╔══

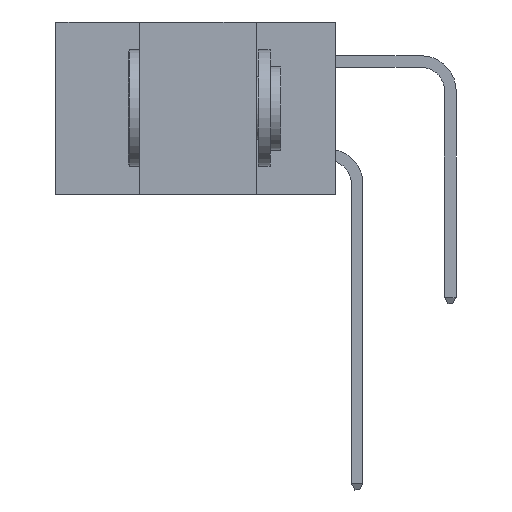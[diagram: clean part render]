
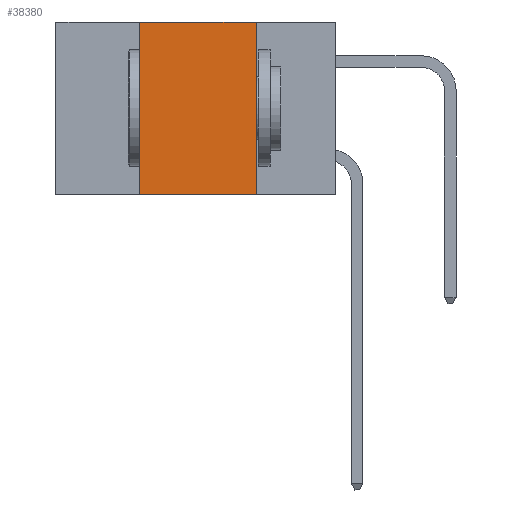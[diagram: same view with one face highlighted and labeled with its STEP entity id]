
A CAD part, left-side view. The second image highlights one B-rep face of the part: STEP entity #38380.
In plain terms, the highlighted planar face has unit normal (-1, 0, 0).
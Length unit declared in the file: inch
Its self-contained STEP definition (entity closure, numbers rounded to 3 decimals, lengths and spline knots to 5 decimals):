
#1959 = EDGE_CURVE ( 'NONE', #22630, #12429, #23409, .T. ) ;
#5018 = ORIENTED_EDGE ( 'NONE', *, *, #18556, .F. ) ;
#5785 = VECTOR ( 'NONE', #41046, 39.37008 ) ;
#8207 = ORIENTED_EDGE ( 'NONE', *, *, #1959, .F. ) ;
#8615 = VERTEX_POINT ( 'NONE', #17394 ) ;
#10154 = LINE ( 'NONE', #26915, #36388 ) ;
#10539 = LINE ( 'NONE', #19353, #16196 ) ;
#12429 = VERTEX_POINT ( 'NONE', #13085 ) ;
#13085 = CARTESIAN_POINT ( 'NONE',  ( 0., 0.17, 0. ) ) ;
#13476 = FACE_OUTER_BOUND ( 'NONE', #37686, .T. ) ;
#14939 = EDGE_CURVE ( 'NONE', #29644, #8615, #10539, .T. ) ;
#15020 = CARTESIAN_POINT ( 'NONE',  ( 0., 0.42, 0. ) ) ;
#15131 = CARTESIAN_POINT ( 'NONE',  ( 0., 0.42, -0.37 ) ) ;
#16196 = VECTOR ( 'NONE', #32477, 39.37008 ) ;
#16640 = AXIS2_PLACEMENT_3D ( 'NONE', #37895, #18383, #41316 ) ;
#17394 = CARTESIAN_POINT ( 'NONE',  ( 0., 0.17, -0.37 ) ) ;
#17951 = VECTOR ( 'NONE', #26583, 39.37008 ) ;
#18383 = DIRECTION ( 'NONE',  ( 1., 0., 0. ) ) ;
#18556 = EDGE_CURVE ( 'NONE', #29644, #22630, #25739, .T. ) ;
#19353 = CARTESIAN_POINT ( 'NONE',  ( 0., 0.6, -0.37 ) ) ;
#20419 = DIRECTION ( 'NONE',  ( 0., 0., -1. ) ) ;
#21472 = CARTESIAN_POINT ( 'NONE',  ( 0., 0.6, 0. ) ) ;
#22181 = EDGE_CURVE ( 'NONE', #12429, #8615, #10154, .T. ) ;
#22630 = VERTEX_POINT ( 'NONE', #15020 ) ;
#23409 = LINE ( 'NONE', #21472, #5785 ) ;
#25739 = LINE ( 'NONE', #29908, #17951 ) ;
#26583 = DIRECTION ( 'NONE',  ( 0., 0., 1. ) ) ;
#26915 = CARTESIAN_POINT ( 'NONE',  ( 0., 0.17, 0. ) ) ;
#28237 = PLANE ( 'NONE',  #16640 ) ;
#29644 = VERTEX_POINT ( 'NONE', #15131 ) ;
#29908 = CARTESIAN_POINT ( 'NONE',  ( 0., 0.42, 0. ) ) ;
#32477 = DIRECTION ( 'NONE',  ( 0., -1., 0. ) ) ;
#35473 = ORIENTED_EDGE ( 'NONE', *, *, #14939, .T. ) ;
#36388 = VECTOR ( 'NONE', #20419, 39.37008 ) ;
#37686 = EDGE_LOOP ( 'NONE', ( #39064, #8207, #5018, #35473 ) ) ;
#37895 = CARTESIAN_POINT ( 'NONE',  ( 0., 0.6, 0. ) ) ;
#38380 = ADVANCED_FACE ( 'NONE', ( #13476 ), #28237, .F. ) ;
#39064 = ORIENTED_EDGE ( 'NONE', *, *, #22181, .F. ) ;
#41046 = DIRECTION ( 'NONE',  ( 0., -1., 0. ) ) ;
#41316 = DIRECTION ( 'NONE',  ( 0., 0., -1. ) ) ;

╚══

In your answer, print the entries above exactly, with the pictures left out.

» Your response:
[diagram: clean part render]
[diagram: same view with one face highlighted and labeled with its STEP entity id]
A CAD part, left-side view. The second image highlights one B-rep face of the part: STEP entity #38380.
In plain terms, the highlighted planar face has unit normal (-1, 0, 0).
Length unit declared in the file: inch
Its self-contained STEP definition (entity closure, numbers rounded to 3 decimals, lengths and spline knots to 5 decimals):
#1959 = EDGE_CURVE ( 'NONE', #22630, #12429, #23409, .T. ) ;
#5018 = ORIENTED_EDGE ( 'NONE', *, *, #18556, .F. ) ;
#5785 = VECTOR ( 'NONE', #41046, 39.37008 ) ;
#8207 = ORIENTED_EDGE ( 'NONE', *, *, #1959, .F. ) ;
#8615 = VERTEX_POINT ( 'NONE', #17394 ) ;
#10154 = LINE ( 'NONE', #26915, #36388 ) ;
#10539 = LINE ( 'NONE', #19353, #16196 ) ;
#12429 = VERTEX_POINT ( 'NONE', #13085 ) ;
#13085 = CARTESIAN_POINT ( 'NONE',  ( 0., 0.17, 0. ) ) ;
#13476 = FACE_OUTER_BOUND ( 'NONE', #37686, .T. ) ;
#14939 = EDGE_CURVE ( 'NONE', #29644, #8615, #10539, .T. ) ;
#15020 = CARTESIAN_POINT ( 'NONE',  ( 0., 0.42, 0. ) ) ;
#15131 = CARTESIAN_POINT ( 'NONE',  ( 0., 0.42, -0.37 ) ) ;
#16196 = VECTOR ( 'NONE', #32477, 39.37008 ) ;
#16640 = AXIS2_PLACEMENT_3D ( 'NONE', #37895, #18383, #41316 ) ;
#17394 = CARTESIAN_POINT ( 'NONE',  ( 0., 0.17, -0.37 ) ) ;
#17951 = VECTOR ( 'NONE', #26583, 39.37008 ) ;
#18383 = DIRECTION ( 'NONE',  ( 1., 0., 0. ) ) ;
#18556 = EDGE_CURVE ( 'NONE', #29644, #22630, #25739, .T. ) ;
#19353 = CARTESIAN_POINT ( 'NONE',  ( 0., 0.6, -0.37 ) ) ;
#20419 = DIRECTION ( 'NONE',  ( 0., 0., -1. ) ) ;
#21472 = CARTESIAN_POINT ( 'NONE',  ( 0., 0.6, 0. ) ) ;
#22181 = EDGE_CURVE ( 'NONE', #12429, #8615, #10154, .T. ) ;
#22630 = VERTEX_POINT ( 'NONE', #15020 ) ;
#23409 = LINE ( 'NONE', #21472, #5785 ) ;
#25739 = LINE ( 'NONE', #29908, #17951 ) ;
#26583 = DIRECTION ( 'NONE',  ( 0., 0., 1. ) ) ;
#26915 = CARTESIAN_POINT ( 'NONE',  ( 0., 0.17, 0. ) ) ;
#28237 = PLANE ( 'NONE',  #16640 ) ;
#29644 = VERTEX_POINT ( 'NONE', #15131 ) ;
#29908 = CARTESIAN_POINT ( 'NONE',  ( 0., 0.42, 0. ) ) ;
#32477 = DIRECTION ( 'NONE',  ( 0., -1., 0. ) ) ;
#35473 = ORIENTED_EDGE ( 'NONE', *, *, #14939, .T. ) ;
#36388 = VECTOR ( 'NONE', #20419, 39.37008 ) ;
#37686 = EDGE_LOOP ( 'NONE', ( #39064, #8207, #5018, #35473 ) ) ;
#37895 = CARTESIAN_POINT ( 'NONE',  ( 0., 0.6, 0. ) ) ;
#38380 = ADVANCED_FACE ( 'NONE', ( #13476 ), #28237, .F. ) ;
#39064 = ORIENTED_EDGE ( 'NONE', *, *, #22181, .F. ) ;
#41046 = DIRECTION ( 'NONE',  ( 0., -1., 0. ) ) ;
#41316 = DIRECTION ( 'NONE',  ( 0., 0., -1. ) ) ;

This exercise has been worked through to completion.